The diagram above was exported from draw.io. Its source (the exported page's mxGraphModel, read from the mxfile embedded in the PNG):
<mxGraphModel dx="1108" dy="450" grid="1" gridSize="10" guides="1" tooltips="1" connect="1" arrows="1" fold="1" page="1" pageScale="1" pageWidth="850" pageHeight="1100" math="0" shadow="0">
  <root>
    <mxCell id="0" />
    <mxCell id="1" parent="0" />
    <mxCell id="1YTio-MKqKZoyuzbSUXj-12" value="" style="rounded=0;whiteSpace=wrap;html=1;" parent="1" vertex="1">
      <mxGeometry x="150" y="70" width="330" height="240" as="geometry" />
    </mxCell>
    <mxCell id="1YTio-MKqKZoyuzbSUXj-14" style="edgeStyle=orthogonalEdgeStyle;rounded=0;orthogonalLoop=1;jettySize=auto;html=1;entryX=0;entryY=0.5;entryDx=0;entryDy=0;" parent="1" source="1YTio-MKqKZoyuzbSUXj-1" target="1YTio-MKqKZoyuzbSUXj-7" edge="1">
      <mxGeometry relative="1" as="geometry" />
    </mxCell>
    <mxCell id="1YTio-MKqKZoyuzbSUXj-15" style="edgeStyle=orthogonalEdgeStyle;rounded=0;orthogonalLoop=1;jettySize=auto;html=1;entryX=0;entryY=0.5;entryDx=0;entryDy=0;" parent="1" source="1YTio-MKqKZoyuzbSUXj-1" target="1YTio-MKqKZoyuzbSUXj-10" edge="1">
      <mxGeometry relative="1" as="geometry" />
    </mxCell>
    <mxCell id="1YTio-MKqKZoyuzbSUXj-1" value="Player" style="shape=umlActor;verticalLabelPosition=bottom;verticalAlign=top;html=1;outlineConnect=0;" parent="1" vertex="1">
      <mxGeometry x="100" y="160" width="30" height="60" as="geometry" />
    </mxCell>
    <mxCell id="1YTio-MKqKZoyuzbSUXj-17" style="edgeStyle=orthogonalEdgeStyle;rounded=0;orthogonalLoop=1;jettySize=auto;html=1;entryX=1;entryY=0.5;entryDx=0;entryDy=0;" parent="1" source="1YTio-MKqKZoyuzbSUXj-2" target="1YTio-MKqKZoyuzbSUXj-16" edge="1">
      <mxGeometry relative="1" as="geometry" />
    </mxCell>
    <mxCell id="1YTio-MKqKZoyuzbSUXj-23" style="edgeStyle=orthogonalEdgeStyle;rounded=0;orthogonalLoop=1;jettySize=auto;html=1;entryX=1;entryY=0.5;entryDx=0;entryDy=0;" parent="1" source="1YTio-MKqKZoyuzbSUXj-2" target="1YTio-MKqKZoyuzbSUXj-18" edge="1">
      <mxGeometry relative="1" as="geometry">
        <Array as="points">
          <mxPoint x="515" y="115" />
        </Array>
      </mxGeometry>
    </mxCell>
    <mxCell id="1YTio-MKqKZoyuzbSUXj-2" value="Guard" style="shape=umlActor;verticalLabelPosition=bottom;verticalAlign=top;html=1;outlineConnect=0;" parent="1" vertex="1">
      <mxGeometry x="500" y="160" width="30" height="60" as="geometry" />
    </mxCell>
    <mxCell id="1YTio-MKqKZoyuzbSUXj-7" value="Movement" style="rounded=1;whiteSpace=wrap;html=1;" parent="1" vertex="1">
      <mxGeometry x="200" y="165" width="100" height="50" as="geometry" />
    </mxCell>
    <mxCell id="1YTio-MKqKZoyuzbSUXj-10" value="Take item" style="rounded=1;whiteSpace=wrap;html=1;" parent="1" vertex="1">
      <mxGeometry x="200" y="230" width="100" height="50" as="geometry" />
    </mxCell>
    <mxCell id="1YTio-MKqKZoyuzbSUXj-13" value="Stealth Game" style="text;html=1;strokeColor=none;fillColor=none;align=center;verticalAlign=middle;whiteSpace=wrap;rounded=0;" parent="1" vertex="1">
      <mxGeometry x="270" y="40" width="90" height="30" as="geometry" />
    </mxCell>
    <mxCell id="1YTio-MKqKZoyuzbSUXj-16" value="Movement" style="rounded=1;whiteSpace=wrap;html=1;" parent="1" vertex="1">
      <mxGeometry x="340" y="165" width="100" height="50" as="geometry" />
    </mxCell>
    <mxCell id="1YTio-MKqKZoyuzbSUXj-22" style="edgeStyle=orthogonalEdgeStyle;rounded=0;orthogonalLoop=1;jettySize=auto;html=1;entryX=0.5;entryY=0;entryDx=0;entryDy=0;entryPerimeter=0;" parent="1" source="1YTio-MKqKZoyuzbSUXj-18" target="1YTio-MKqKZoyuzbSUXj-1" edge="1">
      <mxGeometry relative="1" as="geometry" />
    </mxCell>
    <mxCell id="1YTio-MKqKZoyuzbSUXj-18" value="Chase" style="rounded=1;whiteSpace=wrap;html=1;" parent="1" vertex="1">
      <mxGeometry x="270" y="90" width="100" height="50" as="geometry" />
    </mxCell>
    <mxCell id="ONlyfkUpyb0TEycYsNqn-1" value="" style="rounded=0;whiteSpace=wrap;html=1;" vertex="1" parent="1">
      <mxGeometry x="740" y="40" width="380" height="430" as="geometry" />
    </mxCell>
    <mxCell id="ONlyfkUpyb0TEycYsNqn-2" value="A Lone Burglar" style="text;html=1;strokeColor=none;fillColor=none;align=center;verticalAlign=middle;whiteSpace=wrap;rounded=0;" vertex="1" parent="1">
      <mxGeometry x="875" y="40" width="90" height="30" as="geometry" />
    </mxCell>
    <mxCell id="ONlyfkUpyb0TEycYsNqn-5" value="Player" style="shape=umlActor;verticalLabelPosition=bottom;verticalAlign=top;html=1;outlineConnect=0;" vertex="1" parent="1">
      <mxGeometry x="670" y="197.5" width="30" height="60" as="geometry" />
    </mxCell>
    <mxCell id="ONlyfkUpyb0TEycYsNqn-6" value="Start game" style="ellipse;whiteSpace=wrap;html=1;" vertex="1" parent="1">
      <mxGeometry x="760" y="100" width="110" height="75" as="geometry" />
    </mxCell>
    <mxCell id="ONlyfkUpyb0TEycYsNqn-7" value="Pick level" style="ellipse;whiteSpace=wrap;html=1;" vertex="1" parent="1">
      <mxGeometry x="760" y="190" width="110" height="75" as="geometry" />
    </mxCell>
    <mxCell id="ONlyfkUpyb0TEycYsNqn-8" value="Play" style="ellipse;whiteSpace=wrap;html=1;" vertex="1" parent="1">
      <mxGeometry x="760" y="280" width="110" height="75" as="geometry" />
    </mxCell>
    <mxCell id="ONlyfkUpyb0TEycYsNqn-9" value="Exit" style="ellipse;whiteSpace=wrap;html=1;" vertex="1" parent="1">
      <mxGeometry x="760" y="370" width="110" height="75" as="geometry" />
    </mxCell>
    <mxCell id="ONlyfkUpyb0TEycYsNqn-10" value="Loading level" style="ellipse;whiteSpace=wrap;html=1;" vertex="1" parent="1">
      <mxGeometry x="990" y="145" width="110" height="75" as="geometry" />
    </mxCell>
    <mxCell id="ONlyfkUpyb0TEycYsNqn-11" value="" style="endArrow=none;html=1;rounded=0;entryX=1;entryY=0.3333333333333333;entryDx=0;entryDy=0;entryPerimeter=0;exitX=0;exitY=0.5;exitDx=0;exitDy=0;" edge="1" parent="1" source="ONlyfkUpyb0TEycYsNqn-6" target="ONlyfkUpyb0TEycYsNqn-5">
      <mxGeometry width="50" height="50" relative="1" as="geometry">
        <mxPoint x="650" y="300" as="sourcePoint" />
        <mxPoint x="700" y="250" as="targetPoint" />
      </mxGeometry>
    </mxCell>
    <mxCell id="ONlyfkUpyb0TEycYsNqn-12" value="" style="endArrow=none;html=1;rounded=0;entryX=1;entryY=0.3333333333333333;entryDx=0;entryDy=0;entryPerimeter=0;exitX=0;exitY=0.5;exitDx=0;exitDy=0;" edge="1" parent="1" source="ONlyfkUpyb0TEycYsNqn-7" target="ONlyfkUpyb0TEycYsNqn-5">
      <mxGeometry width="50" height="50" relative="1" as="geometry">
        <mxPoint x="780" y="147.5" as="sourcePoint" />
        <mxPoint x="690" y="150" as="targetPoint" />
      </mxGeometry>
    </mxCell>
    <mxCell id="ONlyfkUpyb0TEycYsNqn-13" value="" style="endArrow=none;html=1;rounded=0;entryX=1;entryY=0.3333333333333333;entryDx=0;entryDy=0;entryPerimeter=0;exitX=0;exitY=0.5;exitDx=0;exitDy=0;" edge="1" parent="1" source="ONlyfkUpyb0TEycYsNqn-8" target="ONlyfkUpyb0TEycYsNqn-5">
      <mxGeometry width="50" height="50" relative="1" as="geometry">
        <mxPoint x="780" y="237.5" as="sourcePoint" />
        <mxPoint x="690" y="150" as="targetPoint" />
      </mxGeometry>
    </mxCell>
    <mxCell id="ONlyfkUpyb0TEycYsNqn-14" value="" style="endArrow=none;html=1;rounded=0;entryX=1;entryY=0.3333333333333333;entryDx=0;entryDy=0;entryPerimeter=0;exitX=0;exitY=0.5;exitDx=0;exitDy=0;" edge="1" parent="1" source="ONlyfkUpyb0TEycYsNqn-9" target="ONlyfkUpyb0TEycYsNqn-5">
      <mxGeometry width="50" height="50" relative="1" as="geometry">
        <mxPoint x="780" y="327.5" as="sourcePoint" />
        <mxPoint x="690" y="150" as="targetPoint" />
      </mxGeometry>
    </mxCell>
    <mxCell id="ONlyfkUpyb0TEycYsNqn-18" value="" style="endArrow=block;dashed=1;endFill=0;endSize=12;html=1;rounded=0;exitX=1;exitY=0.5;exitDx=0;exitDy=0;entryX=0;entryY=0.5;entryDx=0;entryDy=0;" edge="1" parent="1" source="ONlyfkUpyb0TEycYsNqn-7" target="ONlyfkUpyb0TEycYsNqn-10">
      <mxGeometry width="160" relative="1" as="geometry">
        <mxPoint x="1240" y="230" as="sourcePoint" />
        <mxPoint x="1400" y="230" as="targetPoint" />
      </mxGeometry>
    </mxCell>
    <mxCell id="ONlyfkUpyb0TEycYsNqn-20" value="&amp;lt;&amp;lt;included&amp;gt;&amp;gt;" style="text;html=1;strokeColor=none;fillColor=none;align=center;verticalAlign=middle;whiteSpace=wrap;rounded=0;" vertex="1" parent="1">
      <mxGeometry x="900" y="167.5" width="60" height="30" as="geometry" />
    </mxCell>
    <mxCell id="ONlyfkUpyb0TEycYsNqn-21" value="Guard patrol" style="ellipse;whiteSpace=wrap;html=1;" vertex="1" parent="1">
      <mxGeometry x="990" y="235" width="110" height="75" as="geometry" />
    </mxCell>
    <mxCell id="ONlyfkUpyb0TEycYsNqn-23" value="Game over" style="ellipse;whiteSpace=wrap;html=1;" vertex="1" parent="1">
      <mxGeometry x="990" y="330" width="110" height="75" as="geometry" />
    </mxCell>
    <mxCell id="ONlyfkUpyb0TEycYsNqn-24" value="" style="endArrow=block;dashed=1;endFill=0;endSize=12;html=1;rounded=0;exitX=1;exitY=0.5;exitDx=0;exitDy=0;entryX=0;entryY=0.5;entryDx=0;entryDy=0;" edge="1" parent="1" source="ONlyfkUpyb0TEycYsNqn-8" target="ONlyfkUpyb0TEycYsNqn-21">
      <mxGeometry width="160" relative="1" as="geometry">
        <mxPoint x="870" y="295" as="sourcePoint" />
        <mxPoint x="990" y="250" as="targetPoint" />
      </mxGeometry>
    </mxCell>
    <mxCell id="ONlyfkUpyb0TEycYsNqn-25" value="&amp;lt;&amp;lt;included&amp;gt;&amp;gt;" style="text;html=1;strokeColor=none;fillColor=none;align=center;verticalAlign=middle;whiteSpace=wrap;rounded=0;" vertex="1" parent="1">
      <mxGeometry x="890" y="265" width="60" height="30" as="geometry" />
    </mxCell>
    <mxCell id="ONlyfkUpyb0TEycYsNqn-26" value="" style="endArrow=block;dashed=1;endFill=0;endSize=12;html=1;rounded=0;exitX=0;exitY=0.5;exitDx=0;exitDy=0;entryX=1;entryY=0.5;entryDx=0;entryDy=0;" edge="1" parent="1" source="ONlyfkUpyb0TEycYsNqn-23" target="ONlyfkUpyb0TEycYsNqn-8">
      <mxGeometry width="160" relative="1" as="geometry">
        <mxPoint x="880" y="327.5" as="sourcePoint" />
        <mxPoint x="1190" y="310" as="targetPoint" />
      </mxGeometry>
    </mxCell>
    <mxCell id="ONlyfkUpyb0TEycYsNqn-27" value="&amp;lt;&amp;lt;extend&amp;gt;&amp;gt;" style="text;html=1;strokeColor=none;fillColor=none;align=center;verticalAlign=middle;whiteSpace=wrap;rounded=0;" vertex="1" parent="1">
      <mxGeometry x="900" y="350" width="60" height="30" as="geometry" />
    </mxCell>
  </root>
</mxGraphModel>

* What you have to do:
Every line in the data above that contains the word "level" should be copied.

* Answer section:
    <mxCell id="ONlyfkUpyb0TEycYsNqn-7" value="Pick level" style="ellipse;whiteSpace=wrap;html=1;" vertex="1" parent="1">
    <mxCell id="ONlyfkUpyb0TEycYsNqn-10" value="Loading level" style="ellipse;whiteSpace=wrap;html=1;" vertex="1" parent="1">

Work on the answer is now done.